Capitalising on the clout of IPOB on the global network of Ibos across the world, he is running a ‘Biafra Republic’, with a dubious narrative before the world. And this is the turning point in the IPOB saga which Nigeria needs to be concerned about, as the situation may have eventually created a Frankenstein that is beyond the control of its creators.
Summing all such developments together points to a paradigm shift in the separatist movement for the actualisation of Biafra: a problem that is wrongly considered as belonging exclusively to the South East, whereas it is a challenge for the Nigerian federation with the epicentre located in the South East. For that was how the Boko Haram challenge was initially seen as a North East problem until it showed itself as truly a national sore that has swept sleep off the faces Nigerians from boundary to boundary. After all, a matter that the country fought a civil war over, cannot and should not be swept under the carpet.
And it is in this context that the present rally of activities around IPOB provides the nation the opportunity to drive a course towards a sustainable panacea to the uneasy relationship between the South East and the rest of the country. As things stand, except for the purpose of playacting or wilfully proceeding in self-deceit, the relationship between the South East and the rest of the country has a wide room for improvement.

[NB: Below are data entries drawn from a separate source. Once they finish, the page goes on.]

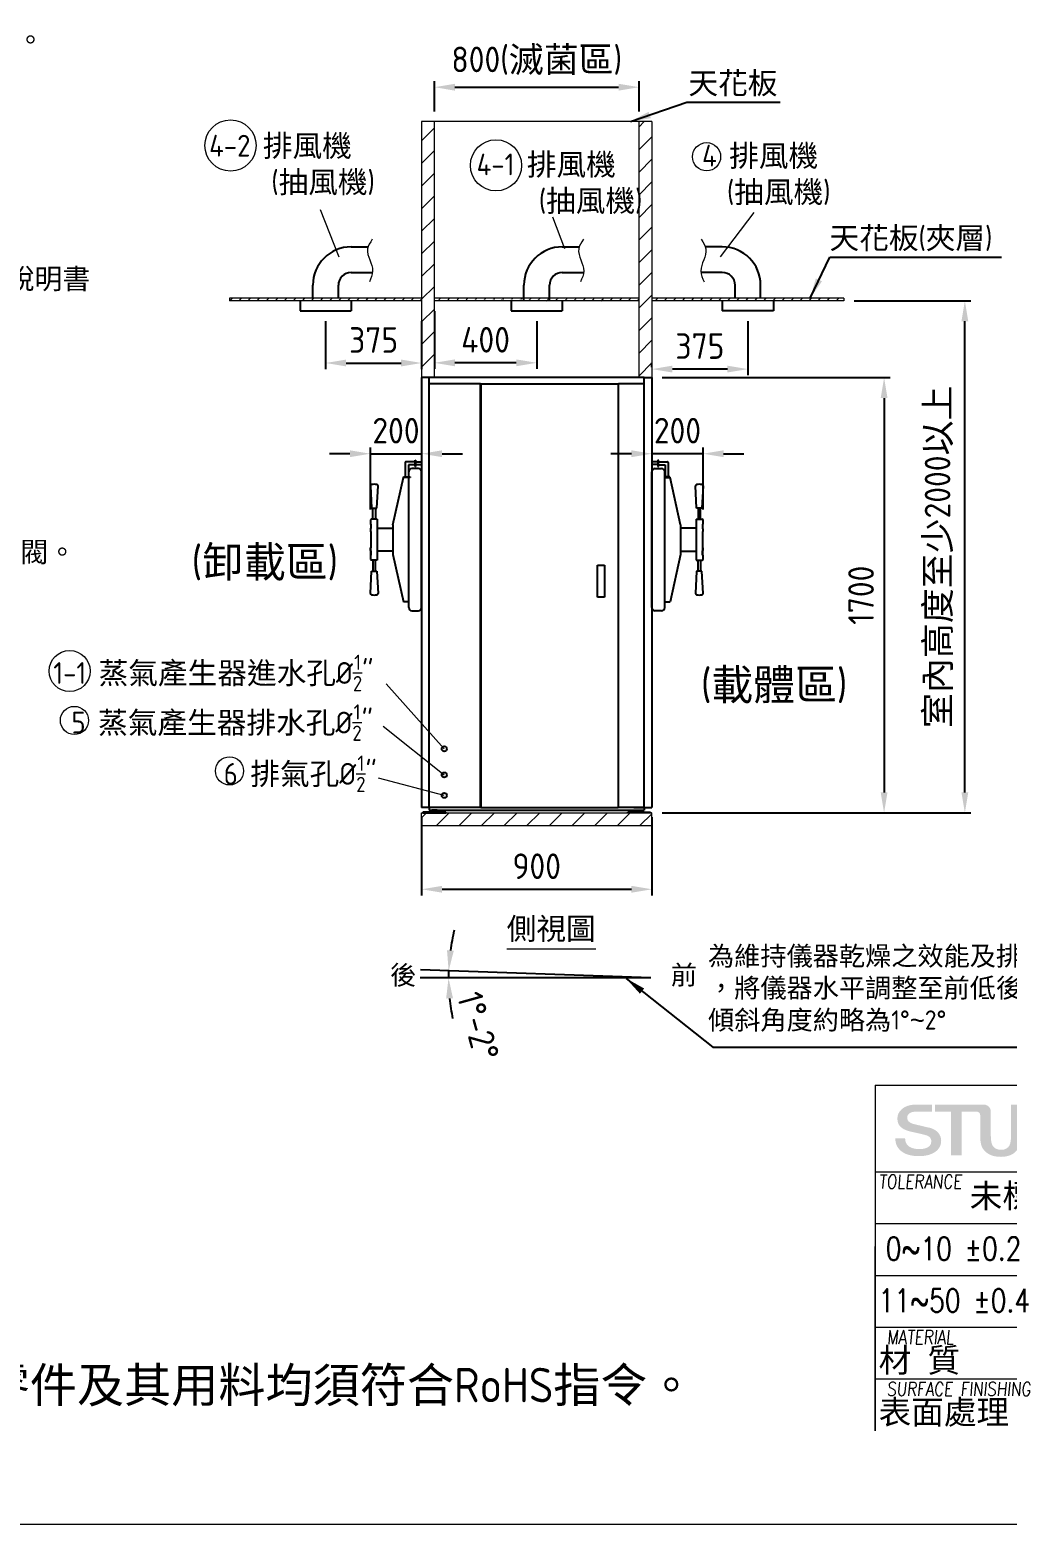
# Model space of a CAD drawing. Header units: millimetres. Extents: x 14969 to 28154, y 18 to 9288.
# Drawn here: x 18681 to 22500, y 18 to 5855 of the extents above; entities that cross this region are included whole.
import ezdxf

# ---------------------------------------------------------------- set-up
doc = ezdxf.new("R2010")
doc.units = ezdxf.units.MM
doc.header["$MEASUREMENT"] = 0
doc.linetypes.add('HIDDEN', pattern=[9.525, 6.35, -3.175])
doc.layers.get('0').update_dxf_attribs({"lineweight": 25})
for name, color, linetype, lineweight in [('D', 3, 'Continuous', 13), ('F', 7, 'Continuous', 15), ('H', 2, 'HIDDEN', 15), ('S', 4, 'Continuous', 15)]:
    doc.layers.add(name, color=color, linetype=linetype, lineweight=lineweight)
doc.styles.get("Standard").update_dxf_attribs({"font": 'KAIU.TTF'})
doc.styles.add('STU25', font='isocp2.shx')
doc.styles.add('Text', font='romans.shx', dxfattribs={"width": 0.8, "oblique": 10})
doc.dimstyles.new('STU25', dxfattribs={"dimscale": 40, "dimtxt": 2.5, "dimasz": 2, "dimexe": 0.6, "dimexo": 1, "dimgap": 1, "dimtad": 1, "dimdsep": 46, "dimtxsty": 'STU25', "dimcen": 2, "dimazin": 2, "dimtfac": 1, "dimtmove": 0, "dimatfit": 3, "dimfxl": 0, "dimtolj": 1, "dimtzin": 0, "dimarcsym": 0})
doc.dimstyles.new('STU25$7', dxfattribs={"dimscale": 40, "dimtxt": 2.5, "dimasz": 2, "dimexe": 1.25, "dimexo": 0.625, "dimgap": 1, "dimtad": 0, "dimdec": 4, "dimdsep": 46, "dimtxsty": 'STU25', "dimcen": 2.5, "dimazin": 2, "dimtfac": 1, "dimtdec": 4, "dimtmove": 0, "dimatfit": 3, "dimfxl": 0, "dimtolj": 1, "dimtzin": 0, "dimarcsym": 0})
pattern_1 = [(45, (238472.767, 23129.56), (-17.6776695, 17.6776695), [])]
pattern_2 = [(45, (238472.77, 23129.56), (-44.194174, 44.194174), [])]

# ---------------------------------------------------------------- blocks, each defined once
blk = doc.blocks.new('*D1')
at = {"layer": 'D', "color": 0, "linetype": 'Continuous', "lineweight": -2}
for start, end in [(166.40066, 172.20033), (178, 180), (185.79967, 191.59934)]:
    blk.add_arc((21107.8, 2151.9), 790.7, start, end, dxfattribs=at)
at = {"layer": 'D', "color": 0}
for points in [[(20311.2, 2260.4), (20337.8, 2258.1), (20317.7, 2179.5)], [(20334.5, 2072.7), (20307.9, 2071.4), (20317.2, 2151.9)]]:
    blk.add_solid(points, dxfattribs=at)
at = {"layer": 'Defpoints', "color": 0}
for p in [(20207.4, 2183.4), (20317.4, 2170.3), (20206.8, 2151.9), (21107.8, 2151.9), (21107.8, 2151.9)]:
    blk.add_point(p, dxfattribs=at)
at = {"layer": 'D', "color": 0, "insert": (20433, 1963.5), "char_height": 100, "attachment_point": 5, "rotation": 285.60273, "style": 'STU25'}
blk.add_mtext('1%%D-2%%D', dxfattribs=at)
blk = doc.blocks.new('*D8')
at = {"layer": 'D', "color": 0, "lineweight": -2}
for p, q in [((21901.9, 4796.8), (22358.8, 4796.8)), ((22334.8, 2876.8), (22334.8, 4716.8)), ((21151.9, 2796.8), (22358.8, 2796.8))]:
    blk.add_line(p, q, dxfattribs=at)
at = {"layer": 'D', "color": 0}
for points in [[(22348.2, 4716.8), (22321.5, 4716.8), (22334.8, 4796.8)], [(22321.5, 2876.8), (22348.2, 2876.8), (22334.8, 2796.8)]]:
    blk.add_solid(points, dxfattribs=at)
at = {"layer": 'Defpoints', "color": 0}
for p in [(21861.9, 4796.8), (22334.8, 4796.8), (21111.9, 2796.8)]:
    blk.add_point(p, dxfattribs=at)
at = {"layer": 'D', "color": 0, "insert": (22233.8, 3796.8), "char_height": 100, "attachment_point": 5, "rotation": 90, "style": 'STU25'}
blk.add_mtext('\\A1;{\\f標楷體|b0|i0|c136|p65;室內高度至少}2000{\\f標楷體|b0|i0|c136|p65;以上}', dxfattribs=at)
blk = doc.blocks.new('*D9')
at = {"layer": 'D', "color": 0, "linetype": 'Continuous', "lineweight": -2}
for p, q in [((19836.9, 4717.6), (19836.9, 4529.8)), ((20211.9, 4717.6), (20211.9, 4529.8)), ((19916.9, 4553.8), (20131.9, 4553.8))]:
    blk.add_line(p, q, dxfattribs=at)
at = {"layer": 'D', "color": 0}
for points in [[(19916.9, 4567.2), (19916.9, 4540.5), (19836.9, 4553.8)], [(20131.9, 4540.5), (20131.9, 4567.2), (20211.9, 4553.8)]]:
    blk.add_solid(points, dxfattribs=at)
at = {"layer": 'Defpoints', "color": 0}
for p in [(19836.9, 4757.6), (20211.9, 4757.6), (20211.9, 4553.8)]:
    blk.add_point(p, dxfattribs=at)
at = {"layer": 'D', "color": 0, "insert": (20024.4, 4643.8), "char_height": 100, "attachment_point": 5, "style": 'STU25'}
blk.add_mtext('\\A1;375', dxfattribs=at)
blk = doc.blocks.new('*D10')
at = {"layer": 'D', "color": 0, "linetype": 'Continuous', "lineweight": -2}
for p, q in [((21486.9, 4717.6), (21486.9, 4506)), ((21111.9, 4537.8), (21111.9, 4554)), ((21406.9, 4530), (21191.9, 4530))]:
    blk.add_line(p, q, dxfattribs=at)
at = {"layer": 'D', "color": 0}
for points in [[(21191.9, 4543.4), (21191.9, 4516.7), (21111.9, 4530)], [(21406.9, 4516.7), (21406.9, 4543.4), (21486.9, 4530)]]:
    blk.add_solid(points, dxfattribs=at)
at = {"layer": 'Defpoints', "color": 0}
for p in [(21486.9, 4757.6), (21111.9, 4530), (21111.9, 4497.8)]:
    blk.add_point(p, dxfattribs=at)
at = {"layer": 'D', "color": 0, "insert": (21299.4, 4620), "char_height": 100, "attachment_point": 5, "style": 'STU25'}
blk.add_mtext('\\A1;375', dxfattribs=at)
blk = doc.blocks.new('*D13')
at = {"layer": 'D', "color": 0, "lineweight": -2}
for p, q in [((20211.9, 2779.8), (20211.9, 2474.2)), ((21111.9, 2779.8), (21111.9, 2474.2)), ((20291.9, 2498.2), (21031.9, 2498.2))]:
    blk.add_line(p, q, dxfattribs=at)
at = {"layer": 'D', "color": 0}
for points in [[(20291.9, 2511.5), (20291.9, 2484.8), (20211.9, 2498.2)], [(21031.9, 2484.8), (21031.9, 2511.5), (21111.9, 2498.2)]]:
    blk.add_solid(points, dxfattribs=at)
at = {"layer": 'Defpoints', "color": 0}
for p in [(20211.9, 2819.8), (21111.9, 2819.8), (21111.9, 2498.2)]:
    blk.add_point(p, dxfattribs=at)
at = {"layer": 'D', "color": 0, "insert": (20661.9, 2588.2), "char_height": 100, "attachment_point": 5, "style": 'STU25'}
blk.add_mtext('\\A1;900', dxfattribs=at)
blk = doc.blocks.new('*D17')
at = {"layer": 'D', "color": 0, "lineweight": -2}
for p, q in [((20261.9, 4756.8), (20261.9, 4530.6)), ((20661.9, 4717.6), (20661.9, 4530.6)), ((20581.9, 4554.6), (20341.9, 4554.6))]:
    blk.add_line(p, q, dxfattribs=at)
at = {"layer": 'D', "color": 0}
for points in [[(20341.9, 4567.9), (20341.9, 4541.2), (20261.9, 4554.6)], [(20581.9, 4541.2), (20581.9, 4567.9), (20661.9, 4554.6)]]:
    blk.add_solid(points, dxfattribs=at)
at = {"layer": 'Defpoints', "color": 0}
for p in [(20261.9, 4796.8), (20661.9, 4757.6), (20261.9, 4554.6)]:
    blk.add_point(p, dxfattribs=at)
at = {"layer": 'D', "color": 0, "insert": (20461.9, 4644.6), "char_height": 100, "attachment_point": 5, "style": 'STU25'}
blk.add_mtext('\\A1;400', dxfattribs=at)
blk = doc.blocks.new('*D18')
at = {"layer": 'D', "color": 0, "lineweight": -2}
for p, q in [((20261.9, 5536.8), (20261.9, 5655.2)), ((20341.9, 5631.2), (20981.9, 5631.2)), ((21061.9, 5536.8), (21061.9, 5655.2))]:
    blk.add_line(p, q, dxfattribs=at)
at = {"layer": 'D', "color": 0}
for points in [[(20341.9, 5644.5), (20341.9, 5617.8), (20261.9, 5631.2)], [(20981.9, 5617.8), (20981.9, 5644.5), (21061.9, 5631.2)]]:
    blk.add_solid(points, dxfattribs=at)
at = {"layer": 'Defpoints', "color": 0}
for p in [(21061.9, 5631.2), (20261.9, 5496.8), (21061.9, 5496.8)]:
    blk.add_point(p, dxfattribs=at)
at = {"layer": 'D', "color": 0, "insert": (20661.9, 5734.1), "char_height": 100, "attachment_point": 5, "style": 'STU25'}
blk.add_mtext('\\A1;800({\\f標楷體|b0|i0|c136|p65;滅菌區})', dxfattribs=at)
blk = doc.blocks.new('*D20')
at = {"layer": 'D', "color": 0, "lineweight": -2}
for p, q in [((21151.9, 4496.8), (22043.3, 4496.8)), ((22019.3, 4416.8), (22019.3, 2876.8)), ((21151.9, 2796.8), (22043.3, 2796.8))]:
    blk.add_line(p, q, dxfattribs=at)
at = {"layer": 'D', "color": 0}
for points in [[(22032.6, 4416.8), (22006, 4416.8), (22019.3, 4496.8)], [(22006, 2876.8), (22032.6, 2876.8), (22019.3, 2796.8)]]:
    blk.add_solid(points, dxfattribs=at)
at = {"layer": 'Defpoints', "color": 0}
for p in [(21111.9, 4496.8), (21111.9, 2796.8), (22019.3, 2796.8)]:
    blk.add_point(p, dxfattribs=at)
at = {"layer": 'D', "color": 0, "insert": (21929.3, 3646.8), "char_height": 100, "attachment_point": 5, "rotation": 90, "style": 'STU25'}
blk.add_mtext('\\A1;1700', dxfattribs=at)
blk = doc.blocks.new('*D21')
at = {"layer": 'D', "color": 0, "lineweight": -2}
for p, q in [((20011.9, 3981.2), (20011.9, 4223.5)), ((19931.9, 4199.5), (19851.9, 4199.5)), ((20011.9, 4199.5), (20211.9, 4199.5)), ((20211.9, 4194.6), (20211.9, 4175.5)), ((20291.9, 4199.5), (20371.9, 4199.5))]:
    blk.add_line(p, q, dxfattribs=at)
at = {"layer": 'D', "color": 0}
for points in [[(19931.9, 4186.2), (19931.9, 4212.8), (20011.9, 4199.5)], [(20291.9, 4212.8), (20291.9, 4186.2), (20211.9, 4199.5)]]:
    blk.add_solid(points, dxfattribs=at)
at = {"layer": 'Defpoints', "color": 0}
for p in [(20211.9, 4234.6), (20211.9, 4199.5), (20011.9, 3941.2)]:
    blk.add_point(p, dxfattribs=at)
at = {"layer": 'D', "color": 0, "insert": (20111.9, 4289.5), "char_height": 100, "attachment_point": 5, "style": 'STU25'}
blk.add_mtext('\\A1;200', dxfattribs=at)
blk = doc.blocks.new('*D22')
at = {"layer": 'D', "color": 0, "lineweight": -2}
for p, q in [((21311.8, 3981.2), (21311.8, 4223.5)), ((21031.9, 4199.5), (20951.9, 4199.5)), ((21311.8, 4199.5), (21111.9, 4199.5)), ((21111.9, 4194.6), (21111.9, 4175.5)), ((21391.8, 4199.5), (21471.8, 4199.5))]:
    blk.add_line(p, q, dxfattribs=at)
at = {"layer": 'D', "color": 0}
for points in [[(21031.9, 4186.2), (21031.9, 4212.8), (21111.9, 4199.5)], [(21391.8, 4212.8), (21391.8, 4186.2), (21311.8, 4199.5)]]:
    blk.add_solid(points, dxfattribs=at)
at = {"layer": 'Defpoints', "color": 0}
for p in [(21111.9, 4234.6), (21111.9, 4199.5), (21311.8, 3941.2)]:
    blk.add_point(p, dxfattribs=at)
at = {"layer": 'D', "color": 0, "insert": (21211.8, 4289.5), "char_height": 100, "attachment_point": 5, "style": 'STU25'}
blk.add_mtext('\\A1;200', dxfattribs=at)
blk = doc.blocks.new('新駿LOGO')
at = {"layer": 'F'}
h = blk.add_hatch(color=256, dxfattribs=at)
edge = h.paths.add_edge_path()
edge.add_spline(control_points=[(-529.05, -442.14), (-529.05, -442.31), (-529.02, -442.45), (-528.95, -442.56), (-528.89, -442.68), (-528.8, -442.78), (-528.69, -442.85), (-528.57, -442.93), (-528.44, -442.98), (-528.29, -443.01), (-528.15, -443.05), (-527.99, -443.07), (-527.81, -443.07), (-527.62, -443.07), (-527.47, -443.05), (-527.33, -443.01), (-527.2, -442.97), (-527.09, -442.92), (-527.01, -442.86), (-526.93, -442.8), (-526.87, -442.73), (-526.83, -442.65), (-526.8, -442.57), (-526.78, -442.49), (-526.78, -442.41), (-526.78, -442.25), (-526.82, -442.13), (-526.91, -442.05), (-526.99, -441.97), (-527.08, -441.91), (-527.18, -441.88), (-527.36, -441.83), (-527.56, -441.77), (-527.79, -441.72), (-528.02, -441.67), (-528.3, -441.61), (-528.64, -441.53), (-528.85, -441.48), (-529.02, -441.41), (-529.16, -441.34), (-529.3, -441.26), (-529.41, -441.17), (-529.5, -441.07), (-529.58, -440.98), (-529.64, -440.87), (-529.67, -440.77), (-529.7, -440.66), (-529.72, -440.55), (-529.72, -440.43), (-529.72, -440.22), (-529.67, -440.03), (-529.57, -439.87), (-529.46, -439.71), (-529.33, -439.58), (-529.16, -439.47), (-528.99, -439.37), (-528.85, -439.31), (-528.64, -439.26), (-528.43, -439.21), (-528.13, -439.2), (-527.91, -439.2), (-527.66, -439.2), (-526.73, -439.2), (-526.73, -439.2), (-526.73, -439.2), (-526.73, -439.81), (-526.73, -439.81), (-526.73, -439.81), (-528.14, -439.8), (-528.28, -439.83), (-528.39, -439.85), (-528.48, -439.86), (-528.56, -439.9), (-528.65, -439.94), (-528.72, -440), (-528.78, -440.07), (-528.84, -440.14), (-528.87, -440.23), (-528.87, -440.34), (-528.87, -440.5), (-528.81, -440.62), (-528.7, -440.7), (-528.6, -440.79), (-528.46, -440.85), (-528.28, -440.9), (-528.27, -440.9), (-528.19, -440.92), (-528.07, -440.95), (-527.94, -440.98), (-527.8, -441.01), (-527.65, -441.05), (-527.49, -441.09), (-527.34, -441.12), (-527.19, -441.16), (-527.04, -441.19), (-526.94, -441.21), (-526.87, -441.23), (-526.71, -441.27), (-526.58, -441.34), (-526.46, -441.41), (-526.34, -441.49), (-526.24, -441.58), (-526.16, -441.67), (-526.08, -441.77), (-526.02, -441.88), (-525.98, -441.99), (-525.94, -442.1), (-525.92, -442.22), (-525.92, -442.33), (-525.92, -442.57), (-525.98, -442.78), (-526.09, -442.95), (-526.2, -443.12), (-526.35, -443.26), (-526.53, -443.37), (-526.71, -443.48), (-526.92, -443.55), (-527.15, -443.61), (-527.39, -443.66), (-527.62, -443.68), (-527.87, -443.68), (-528.14, -443.68), (-528.41, -443.65), (-528.65, -443.59), (-528.9, -443.53), (-529.11, -443.44), (-529.3, -443.31), (-529.48, -443.19), (-529.63, -443.03), (-529.74, -442.83), (-529.84, -442.64), (-529.9, -442.41), (-529.91, -442.14), (-529.91, -442.14), (-529.05, -442.14), (-529.05, -442.14)], knot_values=[0, 0, 0, 0, 1, 1, 1, 2, 2, 2, 3, 3, 3, 4, 4, 4, 5, 5, 5, 6, 6, 6, 7, 7, 7, 8, 8, 8, 9, 9, 9, 10, 10, 10, 11, 11, 11, 12, 12, 12, 13, 13, 13, 14, 14, 14, 15, 15, 15, 16, 16, 16, 17, 17, 17, 18, 18, 18, 19, 19, 19, 20, 20, 20, 21, 21, 21, 22, 22, 22, 23, 23, 23, 24, 24, 24, 25, 25, 25, 26, 26, 26, 27, 27, 27, 28, 28, 28, 29, 29, 29, 30, 30, 30, 31, 31, 31, 32, 32, 32, 33, 33, 33, 34, 34, 34, 35, 35, 35, 36, 36, 36, 37, 37, 37, 38, 38, 38, 39, 39, 39, 40, 40, 40, 41, 41, 41, 42, 42, 42, 43, 43, 43, 44, 44, 44, 45, 45, 45, 45], degree=3, periodic=0)
edge = h.paths.add_edge_path()
edge.add_spline(control_points=[(-522.53, -440.14), (-522.54, -440.04), (-522.57, -439.94), (-522.63, -439.9), (-522.77, -439.79), (-522.9, -439.81), (-522.9, -439.81), (-522.9, -439.81), (-523.02, -439.81), (-523.02, -439.81), (-523.02, -439.81), (-524.14, -439.81), (-524.14, -439.81), (-524.14, -439.81), (-524.14, -443.62), (-524.14, -443.62), (-524.14, -443.62), (-525.06, -443.62), (-525.06, -443.62), (-525.06, -443.62), (-525.06, -439.81), (-525.06, -439.81), (-525.06, -439.81), (-526.47, -439.81), (-526.47, -439.81), (-526.47, -439.81), (-526.47, -439.2), (-526.47, -439.2), (-526.47, -439.2), (-522.39, -439.2), (-522.39, -439.2)], knot_values=[5.578051, 5.578051, 5.578051, 5.578051, 6, 6, 6, 7, 7, 7, 8, 8, 8, 9, 9, 9, 10, 10, 10, 11, 11, 11, 12, 12, 12, 13, 13, 13, 14, 14, 14, 15, 15, 15, 15], degree=3, periodic=0)
edge.add_spline(control_points=[(-522.4, -439.2), (-522.31, -439.2), (-522.22, -439.2), (-522.22, -439.2), (-522.22, -439.2), (-521.96, -439.19), (-521.76, -439.41), (-521.58, -439.61), (-521.61, -439.85), (-521.61, -439.85), (-521.61, -439.85), (-521.61, -441.92), (-521.61, -441.92), (-521.61, -442.41), (-521.52, -442.73), (-521.36, -442.89), (-521.19, -443.05), (-520.97, -443.13), (-520.71, -443.13), (-520.45, -443.13), (-520.24, -443.05), (-520.09, -442.89), (-519.93, -442.74), (-519.86, -442.43), (-519.86, -441.98), (-519.86, -441.98), (-519.86, -439.2), (-519.86, -439.2), (-519.86, -439.2), (-519.05, -439.2), (-519.05, -439.2), (-519.05, -439.2), (-519.05, -441.92), (-519.05, -441.92), (-519.05, -442.43), (-519.12, -442.8), (-519.25, -443.02), (-519.38, -443.24), (-519.56, -443.42), (-519.8, -443.54), (-520.05, -443.67), (-520.35, -443.74), (-520.73, -443.74), (-521.09, -443.74), (-521.41, -443.68), (-521.67, -443.56), (-521.93, -443.44), (-522.14, -443.26), (-522.3, -443.03), (-522.45, -442.8), (-522.53, -442.42), (-522.53, -441.91), (-522.53, -441.91), (-522.53, -440.92), (-522.53, -440.14)], knot_values=[0.44538, 0.44538, 0.44538, 0.44538, 1, 1, 1, 2, 2, 2, 3, 3, 3, 4, 4, 4, 5, 5, 5, 6, 6, 6, 7, 7, 7, 8, 8, 8, 9, 9, 9, 10, 10, 10, 11, 11, 11, 12, 12, 12, 13, 13, 13, 14, 14, 14, 15, 15, 15, 16, 16, 16, 17, 17, 17, 17.603917, 17.603917, 17.603917, 17.603917], degree=3, periodic=0)
h = blk.add_hatch(color=256, dxfattribs=at)
edge = h.paths.add_edge_path()
edge.add_spline(control_points=[(-522.22, -439.2), (-522.22, -439.2), (-526.47, -439.2), (-526.47, -439.2)], knot_values=[14, 14, 14, 14, 15, 15, 15, 15], degree=3, periodic=0)
edge.add_spline(control_points=[(-526.47, -439.2), (-526.47, -439.2), (-526.47, -439.81), (-526.47, -439.81)], knot_values=[13, 13, 13, 13, 14, 14, 14, 14], degree=3, periodic=0)
edge.add_spline(control_points=[(-526.47, -439.81), (-526.47, -439.81), (-525.06, -439.81), (-525.06, -439.81)], knot_values=[12, 12, 12, 12, 13, 13, 13, 13], degree=3, periodic=0)
edge.add_spline(control_points=[(-525.06, -439.81), (-525.06, -439.81), (-525.06, -443.62), (-525.06, -443.62)], knot_values=[11, 11, 11, 11, 12, 12, 12, 12], degree=3, periodic=0)
edge.add_spline(control_points=[(-525.06, -443.62), (-525.06, -443.62), (-524.14, -443.62), (-524.14, -443.62)], knot_values=[10, 10, 10, 10, 11, 11, 11, 11], degree=3, periodic=0)
edge.add_spline(control_points=[(-524.14, -443.62), (-524.14, -443.62), (-524.14, -439.81), (-524.14, -439.81)], knot_values=[9, 9, 9, 9, 10, 10, 10, 10], degree=3, periodic=0)
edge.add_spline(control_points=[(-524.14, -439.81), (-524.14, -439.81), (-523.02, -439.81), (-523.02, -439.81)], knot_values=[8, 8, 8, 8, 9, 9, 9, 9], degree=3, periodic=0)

The situation therefore calls for a deft response by the Bola Ahmed Tinubu administration to capitalise on the trending developments and enhance a new narrative on the South East political atmosphere. As it is the topic issue now may no more be Nnamdi Kanu but Simon Ekpa who by his proclivity towards killings and wastage of life may be answerable only to the voice of the devil. Tackling his challenge with all that the country can muster, remains the right path to follow now. For to stop Simon Ekpa is a task that needs to be done.